» EXERCISE DIRECTIONS
From the line with "Board_0-/addr_mod_2: U1#3.16 U2#17.6" through the line with "Board_0-/Vcap: C1#18.2 U1#3.5", inclusive, return each line of the data below exactly and leave the rest out.

» STORED DATA
= = =

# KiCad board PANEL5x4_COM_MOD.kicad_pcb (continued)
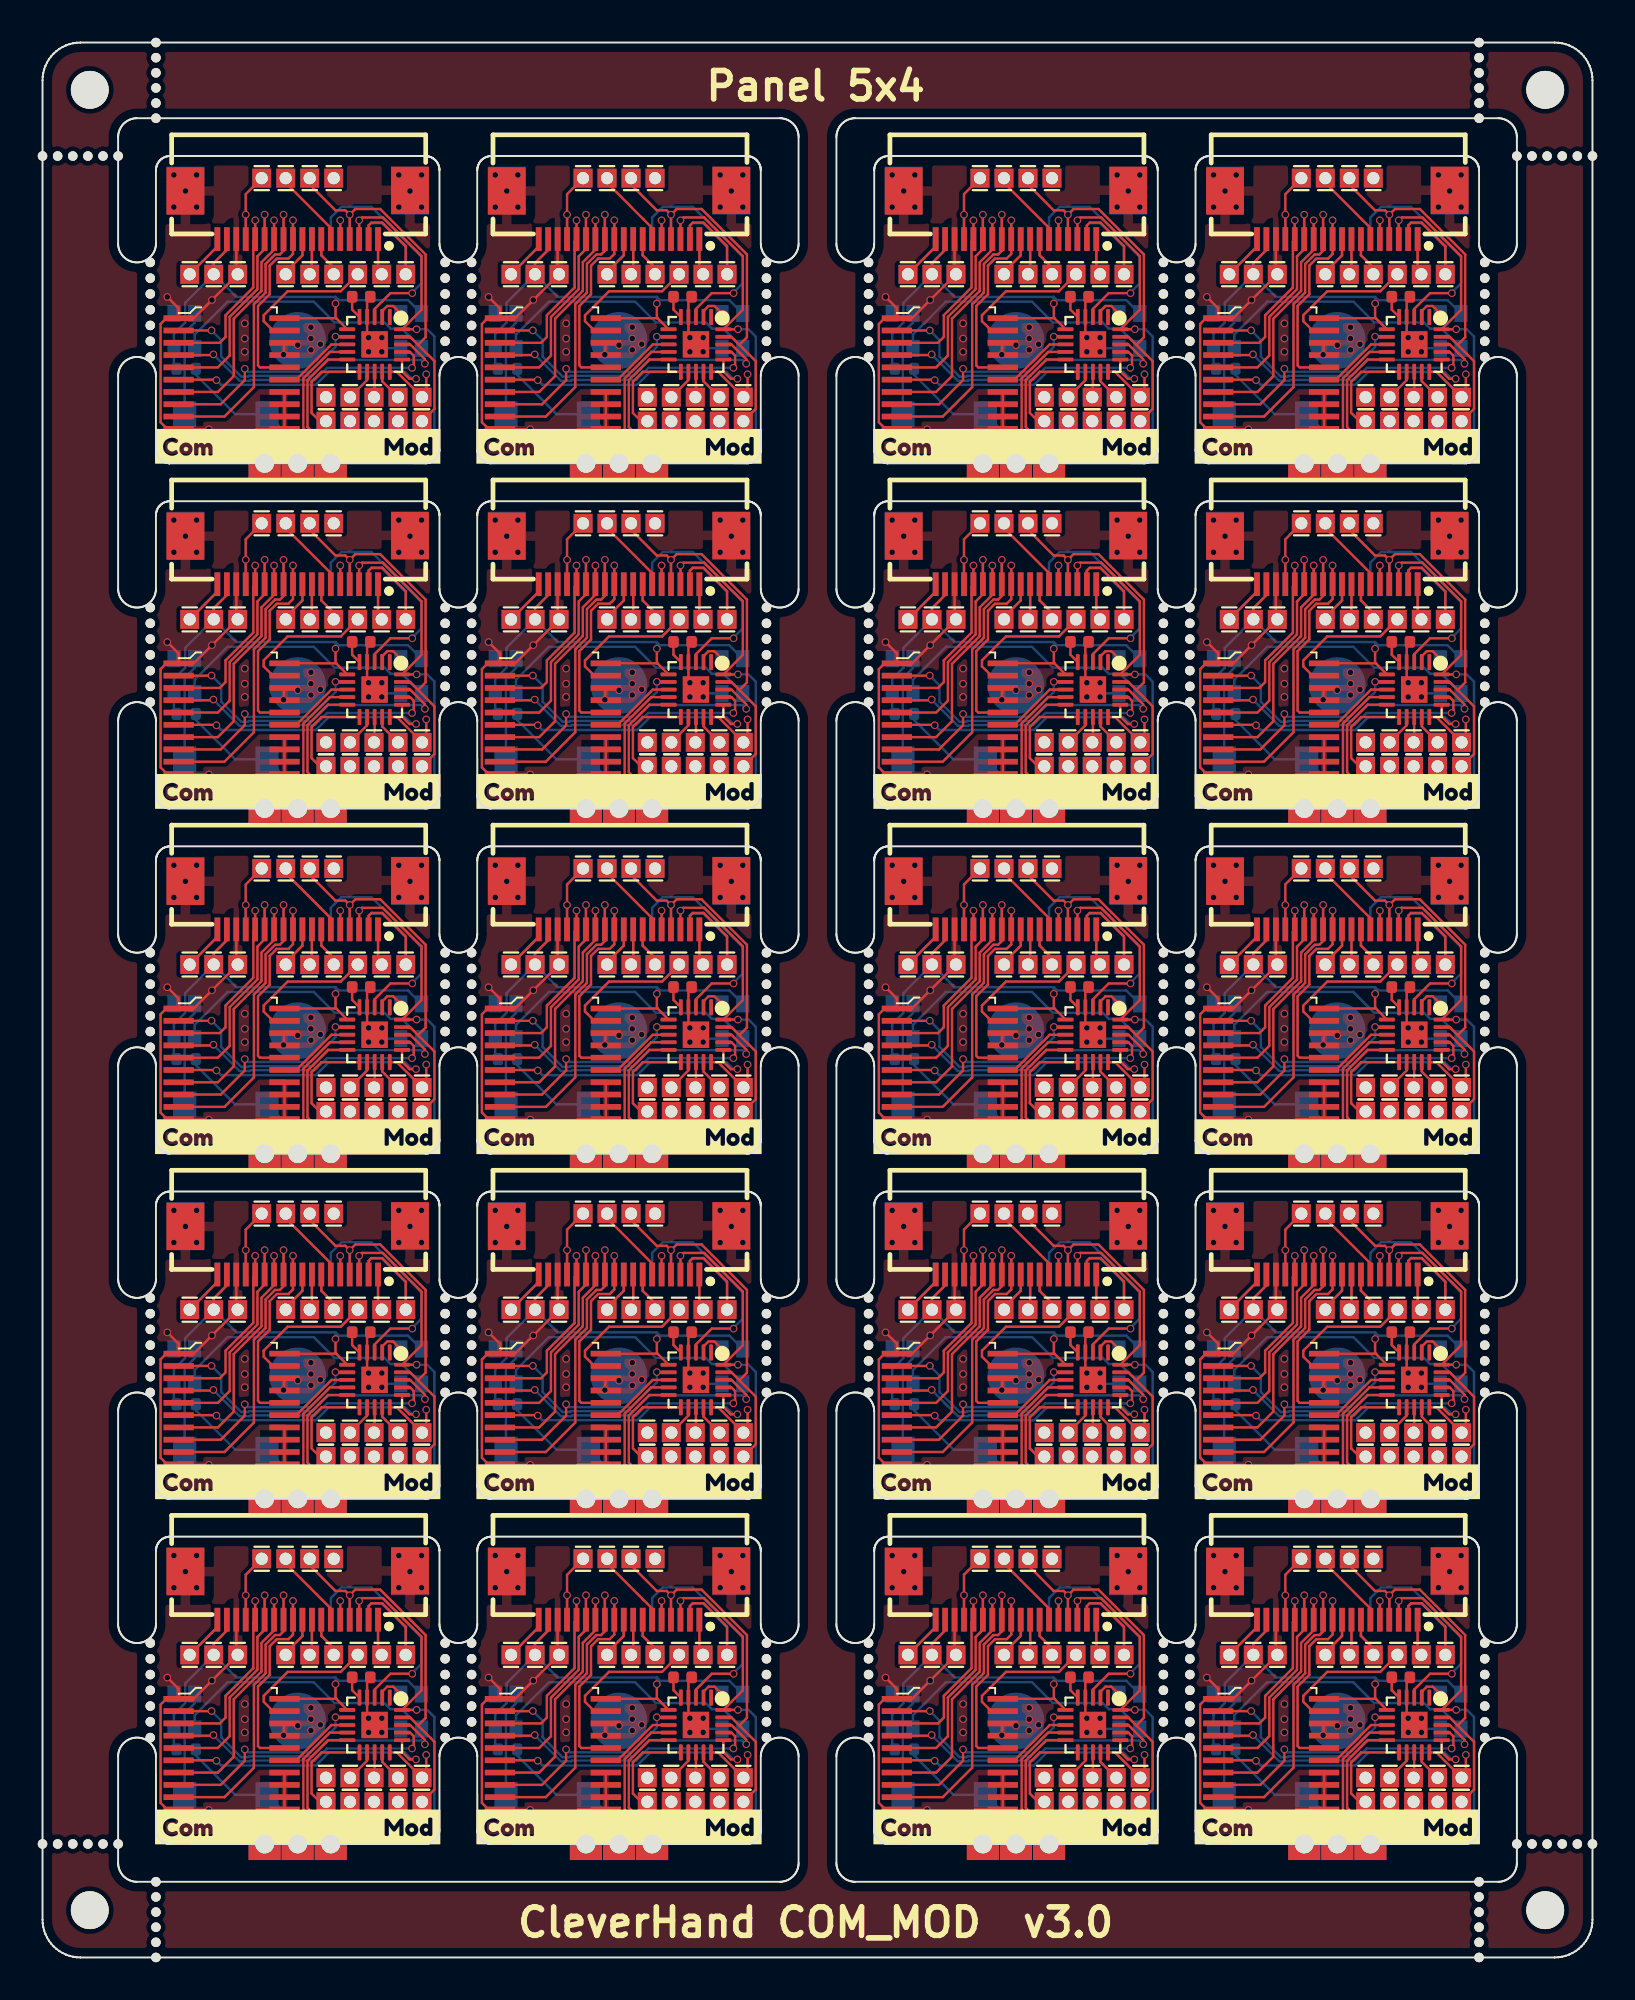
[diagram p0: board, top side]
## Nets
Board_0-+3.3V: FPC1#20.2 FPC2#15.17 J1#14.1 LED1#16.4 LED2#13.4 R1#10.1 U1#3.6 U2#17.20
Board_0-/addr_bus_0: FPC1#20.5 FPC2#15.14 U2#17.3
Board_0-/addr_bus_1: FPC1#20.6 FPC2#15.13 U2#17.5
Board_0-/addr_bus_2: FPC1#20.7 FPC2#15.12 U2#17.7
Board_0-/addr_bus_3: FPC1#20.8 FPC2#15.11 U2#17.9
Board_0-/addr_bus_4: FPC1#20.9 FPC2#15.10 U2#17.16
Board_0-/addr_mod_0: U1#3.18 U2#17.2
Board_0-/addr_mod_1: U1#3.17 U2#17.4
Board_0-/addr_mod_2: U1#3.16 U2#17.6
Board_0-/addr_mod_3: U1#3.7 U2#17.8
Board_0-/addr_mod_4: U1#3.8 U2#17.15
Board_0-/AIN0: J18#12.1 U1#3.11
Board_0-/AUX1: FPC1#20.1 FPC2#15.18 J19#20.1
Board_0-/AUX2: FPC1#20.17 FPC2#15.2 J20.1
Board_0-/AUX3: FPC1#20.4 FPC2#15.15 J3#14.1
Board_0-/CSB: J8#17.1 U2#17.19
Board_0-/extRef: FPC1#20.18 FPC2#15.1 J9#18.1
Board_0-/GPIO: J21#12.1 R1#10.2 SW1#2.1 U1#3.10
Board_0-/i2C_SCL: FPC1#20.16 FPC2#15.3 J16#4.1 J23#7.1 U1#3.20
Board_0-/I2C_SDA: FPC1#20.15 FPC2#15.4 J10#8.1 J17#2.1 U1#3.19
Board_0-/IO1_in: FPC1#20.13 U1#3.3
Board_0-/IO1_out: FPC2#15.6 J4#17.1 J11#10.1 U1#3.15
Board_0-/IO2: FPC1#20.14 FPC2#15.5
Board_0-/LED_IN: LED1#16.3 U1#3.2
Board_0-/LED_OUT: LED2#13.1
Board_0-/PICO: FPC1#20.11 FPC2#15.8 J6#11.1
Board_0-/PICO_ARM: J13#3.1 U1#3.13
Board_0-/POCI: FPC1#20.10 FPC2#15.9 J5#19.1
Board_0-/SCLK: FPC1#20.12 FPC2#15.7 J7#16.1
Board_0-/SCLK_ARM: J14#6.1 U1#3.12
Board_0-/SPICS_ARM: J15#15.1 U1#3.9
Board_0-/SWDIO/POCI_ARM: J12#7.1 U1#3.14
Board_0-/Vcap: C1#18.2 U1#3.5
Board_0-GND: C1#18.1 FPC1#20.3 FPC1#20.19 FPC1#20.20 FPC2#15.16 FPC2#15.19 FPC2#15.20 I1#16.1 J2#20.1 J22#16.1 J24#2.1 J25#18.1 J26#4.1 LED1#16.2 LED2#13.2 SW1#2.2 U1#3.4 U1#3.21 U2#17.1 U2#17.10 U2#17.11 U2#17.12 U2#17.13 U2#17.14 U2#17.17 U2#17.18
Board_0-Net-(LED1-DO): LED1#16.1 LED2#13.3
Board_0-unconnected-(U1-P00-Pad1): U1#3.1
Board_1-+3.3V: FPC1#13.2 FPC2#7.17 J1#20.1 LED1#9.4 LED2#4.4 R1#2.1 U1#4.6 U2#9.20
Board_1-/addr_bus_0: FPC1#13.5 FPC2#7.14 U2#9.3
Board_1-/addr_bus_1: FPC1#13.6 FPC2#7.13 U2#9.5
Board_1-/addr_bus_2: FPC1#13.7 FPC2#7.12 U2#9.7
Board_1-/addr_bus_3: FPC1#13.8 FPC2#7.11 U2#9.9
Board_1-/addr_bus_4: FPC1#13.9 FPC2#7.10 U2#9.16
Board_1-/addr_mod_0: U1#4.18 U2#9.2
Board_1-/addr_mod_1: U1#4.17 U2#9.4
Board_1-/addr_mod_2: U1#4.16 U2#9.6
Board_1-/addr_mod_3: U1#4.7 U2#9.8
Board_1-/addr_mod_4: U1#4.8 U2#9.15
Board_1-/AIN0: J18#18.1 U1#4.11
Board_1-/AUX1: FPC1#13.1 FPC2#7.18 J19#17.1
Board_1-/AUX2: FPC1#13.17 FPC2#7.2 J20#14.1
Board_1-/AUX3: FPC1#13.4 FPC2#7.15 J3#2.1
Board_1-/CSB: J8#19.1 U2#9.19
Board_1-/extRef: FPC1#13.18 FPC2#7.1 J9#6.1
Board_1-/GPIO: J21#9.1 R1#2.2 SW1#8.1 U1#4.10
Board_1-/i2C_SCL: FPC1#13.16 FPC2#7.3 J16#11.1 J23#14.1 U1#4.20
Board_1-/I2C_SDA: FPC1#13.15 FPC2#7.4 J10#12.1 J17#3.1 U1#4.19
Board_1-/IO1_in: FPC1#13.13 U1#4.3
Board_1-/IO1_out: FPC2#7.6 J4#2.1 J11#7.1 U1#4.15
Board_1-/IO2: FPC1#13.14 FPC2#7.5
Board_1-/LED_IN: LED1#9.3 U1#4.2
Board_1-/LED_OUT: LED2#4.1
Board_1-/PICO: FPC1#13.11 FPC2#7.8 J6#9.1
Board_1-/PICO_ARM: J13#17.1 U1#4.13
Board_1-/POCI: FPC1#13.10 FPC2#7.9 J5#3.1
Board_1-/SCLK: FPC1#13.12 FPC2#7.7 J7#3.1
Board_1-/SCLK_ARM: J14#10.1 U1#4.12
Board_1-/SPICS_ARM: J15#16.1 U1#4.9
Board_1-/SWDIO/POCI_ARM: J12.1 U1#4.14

= = =

» EXERCISE RESPONSE
Board_0-/addr_mod_2: U1#3.16 U2#17.6
Board_0-/addr_mod_3: U1#3.7 U2#17.8
Board_0-/addr_mod_4: U1#3.8 U2#17.15
Board_0-/AIN0: J18#12.1 U1#3.11
Board_0-/AUX1: FPC1#20.1 FPC2#15.18 J19#20.1
Board_0-/AUX2: FPC1#20.17 FPC2#15.2 J20.1
Board_0-/AUX3: FPC1#20.4 FPC2#15.15 J3#14.1
Board_0-/CSB: J8#17.1 U2#17.19
Board_0-/extRef: FPC1#20.18 FPC2#15.1 J9#18.1
Board_0-/GPIO: J21#12.1 R1#10.2 SW1#2.1 U1#3.10
Board_0-/i2C_SCL: FPC1#20.16 FPC2#15.3 J16#4.1 J23#7.1 U1#3.20
Board_0-/I2C_SDA: FPC1#20.15 FPC2#15.4 J10#8.1 J17#2.1 U1#3.19
Board_0-/IO1_in: FPC1#20.13 U1#3.3
Board_0-/IO1_out: FPC2#15.6 J4#17.1 J11#10.1 U1#3.15
Board_0-/IO2: FPC1#20.14 FPC2#15.5
Board_0-/LED_IN: LED1#16.3 U1#3.2
Board_0-/LED_OUT: LED2#13.1
Board_0-/PICO: FPC1#20.11 FPC2#15.8 J6#11.1
Board_0-/PICO_ARM: J13#3.1 U1#3.13
Board_0-/POCI: FPC1#20.10 FPC2#15.9 J5#19.1
Board_0-/SCLK: FPC1#20.12 FPC2#15.7 J7#16.1
Board_0-/SCLK_ARM: J14#6.1 U1#3.12
Board_0-/SPICS_ARM: J15#15.1 U1#3.9
Board_0-/SWDIO/POCI_ARM: J12#7.1 U1#3.14
Board_0-/Vcap: C1#18.2 U1#3.5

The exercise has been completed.